Alardear de conocimientos informáticos y, de paso, sacar un beneficio económico. El joven de 17 años residente en la comarca valenciana de la Ribera Alta investigado por difundir en internet fotografías de 16 compañeras de instituto y amigas también menores de edad que había modificado con inteligencia artificial (IA) para que aparecieran desnudas creó una web en la que, además de presumir de su habilidad para crear estas deepfake —imágenes falsas hiperrealistas—, ofertaba a potenciales clientes su servicios para generar otras nuevas.

Sin embargo, la aventura pseudo empresarial del menor duró poco. Menos de 48 horas después de crear la página en internet, la cerró. Los perfiles accesibles a todo el mundo que había abierto en las redes sociales Instagram y X (antes Twitter) precisamente para promocionar aquella ―contaban con enlaces que redirigían a ella si se pinchaban― tardó un poco más en clausurarlos: tres días. Fuentes cercanas a la investigación sospechan que el joven decidió borrar todo al enterarse de que una de las víctimas había descubierto las fotos falseadas e iba a denunciar.

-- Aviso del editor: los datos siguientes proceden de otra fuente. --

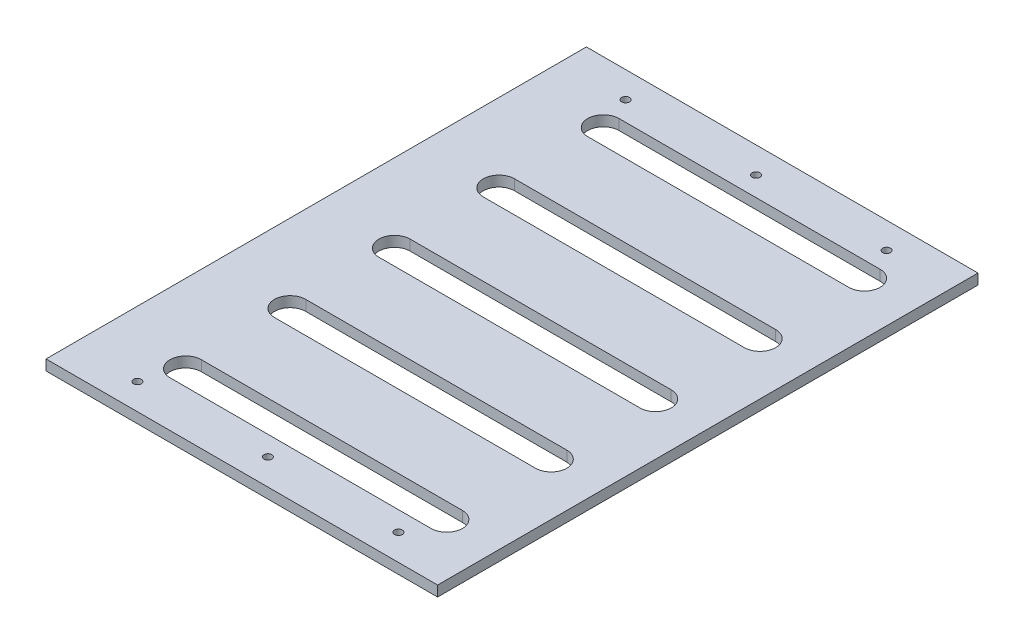
ISO-10303-21;
HEADER;
FILE_DESCRIPTION(('STEP AP214'),'2;1');
FILE_NAME('part.step','',(''),(''),'','','');
FILE_SCHEMA(('AUTOMOTIVE_DESIGN { 1 0 10303 214 1 1 1 1 }'));
ENDSEC;
DATA;
#1=APPLICATION_CONTEXT('core data for automotive mechanical design processes');
#2=APPLICATION_PROTOCOL_DEFINITION('international standard','automotive_design',2000,#1);
#3=PRODUCT_CONTEXT('',#1,'mechanical');
#4=PRODUCT('Part','Part','',(#3));
#5=PRODUCT_RELATED_PRODUCT_CATEGORY('part','',(#4));
#6=PRODUCT_DEFINITION_FORMATION('','',#4);
#7=PRODUCT_DEFINITION_CONTEXT('part definition',#1,'design');
#8=PRODUCT_DEFINITION('design','',#6,#7);
#9=PRODUCT_DEFINITION_SHAPE('','',#8);
#10=(LENGTH_UNIT() NAMED_UNIT(*) SI_UNIT(.MILLI.,.METRE.));
#11=(NAMED_UNIT(*) PLANE_ANGLE_UNIT() SI_UNIT($,.RADIAN.));
#12=(NAMED_UNIT(*) SI_UNIT($,.STERADIAN.) SOLID_ANGLE_UNIT());
#13=UNCERTAINTY_MEASURE_WITH_UNIT(LENGTH_MEASURE(1.E-05),#10,'distance_accuracy_value','');
#14=(GEOMETRIC_REPRESENTATION_CONTEXT(3) GLOBAL_UNCERTAINTY_ASSIGNED_CONTEXT((#13)) GLOBAL_UNIT_ASSIGNED_CONTEXT((#10,
#11,#12)) REPRESENTATION_CONTEXT('',''));
#15=CARTESIAN_POINT('',(0.,0.,0.));
#16=DIRECTION('',(0.,0.,1.));
#17=DIRECTION('',(1.,0.,0.));
#18=AXIS2_PLACEMENT_3D('',#15,#16,#17);
#19=CARTESIAN_POINT('',(0.,4.,0.));
#20=DIRECTION('',(1.,0.,0.));
#21=DIRECTION('',(0.,0.,-1.));
#22=AXIS2_PLACEMENT_3D('',#19,#20,#21);
#23=PLANE('',#22);
#24=DIRECTION('',(0.,0.,1.));
#25=VECTOR('',#24,1.);
#26=CARTESIAN_POINT('',(0.,0.,0.));
#27=LINE('',#26,#25);
#28=CARTESIAN_POINT('',(0.,0.,-207.));
#29=VERTEX_POINT('',#28);
#30=CARTESIAN_POINT('',(0.,0.,0.));
#31=VERTEX_POINT('',#30);
#32=EDGE_CURVE('E356',#29,#31,#27,.T.);
#33=ORIENTED_EDGE('',*,*,#32,.T.);
#34=DIRECTION('',(0.,-1.,0.));
#35=VECTOR('',#34,1.);
#36=CARTESIAN_POINT('',(0.,4.,0.));
#37=LINE('',#36,#35);
#38=CARTESIAN_POINT('',(0.,4.,0.));
#39=VERTEX_POINT('',#38);
#40=EDGE_CURVE('E11',#39,#31,#37,.T.);
#41=ORIENTED_EDGE('',*,*,#40,.F.);
#42=DIRECTION('',(0.,0.,1.));
#43=VECTOR('',#42,1.);
#44=CARTESIAN_POINT('',(0.,4.,0.));
#45=LINE('',#44,#43);
#46=CARTESIAN_POINT('',(0.,4.,-207.));
#47=VERTEX_POINT('',#46);
#48=EDGE_CURVE('E363',#47,#39,#45,.T.);
#49=ORIENTED_EDGE('',*,*,#48,.F.);
#50=DIRECTION('',(0.,-1.,0.));
#51=VECTOR('',#50,1.);
#52=CARTESIAN_POINT('',(0.,4.,-207.));
#53=LINE('',#52,#51);
#54=EDGE_CURVE('E373',#47,#29,#53,.T.);
#55=ORIENTED_EDGE('',*,*,#54,.T.);
#56=EDGE_LOOP('',(#33,#41,#49,#55));
#57=FACE_BOUND('',#56,.T.);
#58=ADVANCED_FACE('F33',(#57),#23,.F.);
#59=CARTESIAN_POINT('',(0.,4.,0.));
#60=DIRECTION('',(0.,0.,-1.));
#61=DIRECTION('',(-1.,0.,0.));
#62=AXIS2_PLACEMENT_3D('',#59,#60,#61);
#63=PLANE('',#62);
#64=DIRECTION('',(1.,0.,0.));
#65=VECTOR('',#64,1.);
#66=CARTESIAN_POINT('',(0.,0.,0.));
#67=LINE('',#66,#65);
#68=CARTESIAN_POINT('',(150.,0.,0.));
#69=VERTEX_POINT('',#68);
#70=EDGE_CURVE('E376',#31,#69,#67,.T.);
#71=ORIENTED_EDGE('',*,*,#70,.T.);
#72=DIRECTION('',(0.,-1.,0.));
#73=VECTOR('',#72,1.);
#74=CARTESIAN_POINT('',(150.,4.,0.));
#75=LINE('',#74,#73);
#76=CARTESIAN_POINT('',(150.,4.,0.));
#77=VERTEX_POINT('',#76);
#78=EDGE_CURVE('E40',#77,#69,#75,.T.);
#79=ORIENTED_EDGE('',*,*,#78,.F.);
#80=DIRECTION('',(1.,0.,0.));
#81=VECTOR('',#80,1.);
#82=CARTESIAN_POINT('',(0.,4.,0.));
#83=LINE('',#82,#81);
#84=EDGE_CURVE('E366',#39,#77,#83,.T.);
#85=ORIENTED_EDGE('',*,*,#84,.F.);
#86=ORIENTED_EDGE('',*,*,#40,.T.);
#87=EDGE_LOOP('',(#71,#79,#85,#86));
#88=FACE_BOUND('',#87,.T.);
#89=ADVANCED_FACE('F405',(#88),#63,.F.);
#90=CARTESIAN_POINT('',(150.,4.,0.));
#91=DIRECTION('',(-1.,0.,0.));
#92=DIRECTION('',(0.,0.,1.));
#93=AXIS2_PLACEMENT_3D('',#90,#91,#92);
#94=PLANE('',#93);
#95=DIRECTION('',(0.,0.,-1.));
#96=VECTOR('',#95,1.);
#97=CARTESIAN_POINT('',(150.,0.,0.));
#98=LINE('',#97,#96);
#99=CARTESIAN_POINT('',(150.,0.,-207.));
#100=VERTEX_POINT('',#99);
#101=EDGE_CURVE('E378',#69,#100,#98,.T.);
#102=ORIENTED_EDGE('',*,*,#101,.T.);
#103=DIRECTION('',(0.,-1.,0.));
#104=VECTOR('',#103,1.);
#105=CARTESIAN_POINT('',(150.,4.,-207.));
#106=LINE('',#105,#104);
#107=CARTESIAN_POINT('',(150.,4.,-207.));
#108=VERTEX_POINT('',#107);
#109=EDGE_CURVE('E383',#108,#100,#106,.T.);
#110=ORIENTED_EDGE('',*,*,#109,.F.);
#111=DIRECTION('',(0.,0.,-1.));
#112=VECTOR('',#111,1.);
#113=CARTESIAN_POINT('',(150.,4.,0.));
#114=LINE('',#113,#112);
#115=EDGE_CURVE('E369',#77,#108,#114,.T.);
#116=ORIENTED_EDGE('',*,*,#115,.F.);
#117=ORIENTED_EDGE('',*,*,#78,.T.);
#118=EDGE_LOOP('',(#102,#110,#116,#117));
#119=FACE_BOUND('',#118,.T.);
#120=ADVANCED_FACE('F390',(#119),#94,.F.);
#121=CARTESIAN_POINT('',(0.,4.,-207.));
#122=DIRECTION('',(0.,0.,1.));
#123=DIRECTION('',(1.,0.,0.));
#124=AXIS2_PLACEMENT_3D('',#121,#122,#123);
#125=PLANE('',#124);
#126=DIRECTION('',(-1.,0.,0.));
#127=VECTOR('',#126,1.);
#128=CARTESIAN_POINT('',(0.,0.,-207.));
#129=LINE('',#128,#127);
#130=EDGE_CURVE('E367',#100,#29,#129,.T.);
#131=ORIENTED_EDGE('',*,*,#130,.T.);
#132=ORIENTED_EDGE('',*,*,#54,.F.);
#133=DIRECTION('',(-1.,0.,0.));
#134=VECTOR('',#133,1.);
#135=CARTESIAN_POINT('',(0.,4.,-207.));
#136=LINE('',#135,#134);
#137=EDGE_CURVE('E371',#108,#47,#136,.T.);
#138=ORIENTED_EDGE('',*,*,#137,.F.);
#139=ORIENTED_EDGE('',*,*,#109,.T.);
#140=EDGE_LOOP('',(#131,#132,#138,#139));
#141=FACE_BOUND('',#140,.T.);
#142=ADVANCED_FACE('F398',(#141),#125,.F.);
#143=CARTESIAN_POINT('',(0.,4.,0.));
#144=DIRECTION('',(0.,-1.,0.));
#145=DIRECTION('',(0.,0.,-1.));
#146=AXIS2_PLACEMENT_3D('',#143,#144,#145);
#147=PLANE('',#146);
#148=CARTESIAN_POINT('',(75.,4.,-197.));
#149=DIRECTION('',(0.,1.,0.));
#150=DIRECTION('',(0.,0.,1.));
#151=AXIS2_PLACEMENT_3D('',#148,#149,#150);
#152=CIRCLE('',#151,1.50000000000001);
#153=CARTESIAN_POINT('',(75.,4.,-195.5));
#154=VERTEX_POINT('',#153);
#155=EDGE_CURVE('E527',#154,#154,#152,.T.);
#156=ORIENTED_EDGE('',*,*,#155,.F.);
#157=EDGE_LOOP('',(#156));
#158=FACE_BOUND('',#157,.T.);
#159=CARTESIAN_POINT('',(25.,4.,-197.));
#160=DIRECTION('',(0.,1.,0.));
#161=DIRECTION('',(0.,0.,1.));
#162=AXIS2_PLACEMENT_3D('',#159,#160,#161);
#163=CIRCLE('',#162,1.5);
#164=CARTESIAN_POINT('',(25.,4.,-195.5));
#165=VERTEX_POINT('',#164);
#166=EDGE_CURVE('E532',#165,#165,#163,.T.);
#167=ORIENTED_EDGE('',*,*,#166,.F.);
#168=EDGE_LOOP('',(#167));
#169=FACE_BOUND('',#168,.T.);
#170=CARTESIAN_POINT('',(25.,4.,-10.));
#171=DIRECTION('',(0.,1.,0.));
#172=DIRECTION('',(0.,0.,-1.));
#173=AXIS2_PLACEMENT_3D('',#170,#171,#172);
#174=CIRCLE('',#173,1.5);
#175=CARTESIAN_POINT('',(25.,4.,-11.5));
#176=VERTEX_POINT('',#175);
#177=EDGE_CURVE('E540',#176,#176,#174,.T.);
#178=ORIENTED_EDGE('',*,*,#177,.F.);
#179=EDGE_LOOP('',(#178));
#180=FACE_BOUND('',#179,.T.);
#181=CARTESIAN_POINT('',(75.,4.,-9.99999999999995));
#182=DIRECTION('',(0.,1.,0.));
#183=DIRECTION('',(0.,0.,-1.));
#184=AXIS2_PLACEMENT_3D('',#181,#182,#183);
#185=CIRCLE('',#184,1.50000000000001);
#186=CARTESIAN_POINT('',(75.,4.,-11.5));
#187=VERTEX_POINT('',#186);
#188=EDGE_CURVE('E546',#187,#187,#185,.T.);
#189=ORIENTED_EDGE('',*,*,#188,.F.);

Sin embargo, la eliminación de los perfiles no fue suficiente para quedar impune. Finalmente el Equipo @ de la Guardia Civil de Sueca (Valencia), especializado en ciberdelincuencia, lo identificó y presentó ante el titular del Juzgado de Menores número 1 de Valencia como presunto autor de un delito de corrupción de menores. El Gobierno anunció el pasado marzo un anteproyecto de ley orgánica para la protección de los menores en entornos digitales que, entre otras medidas, plantea castigar con penas de prisión la elaboración de este tipo de imágenes denominadas también “ultrafalsificaciones”.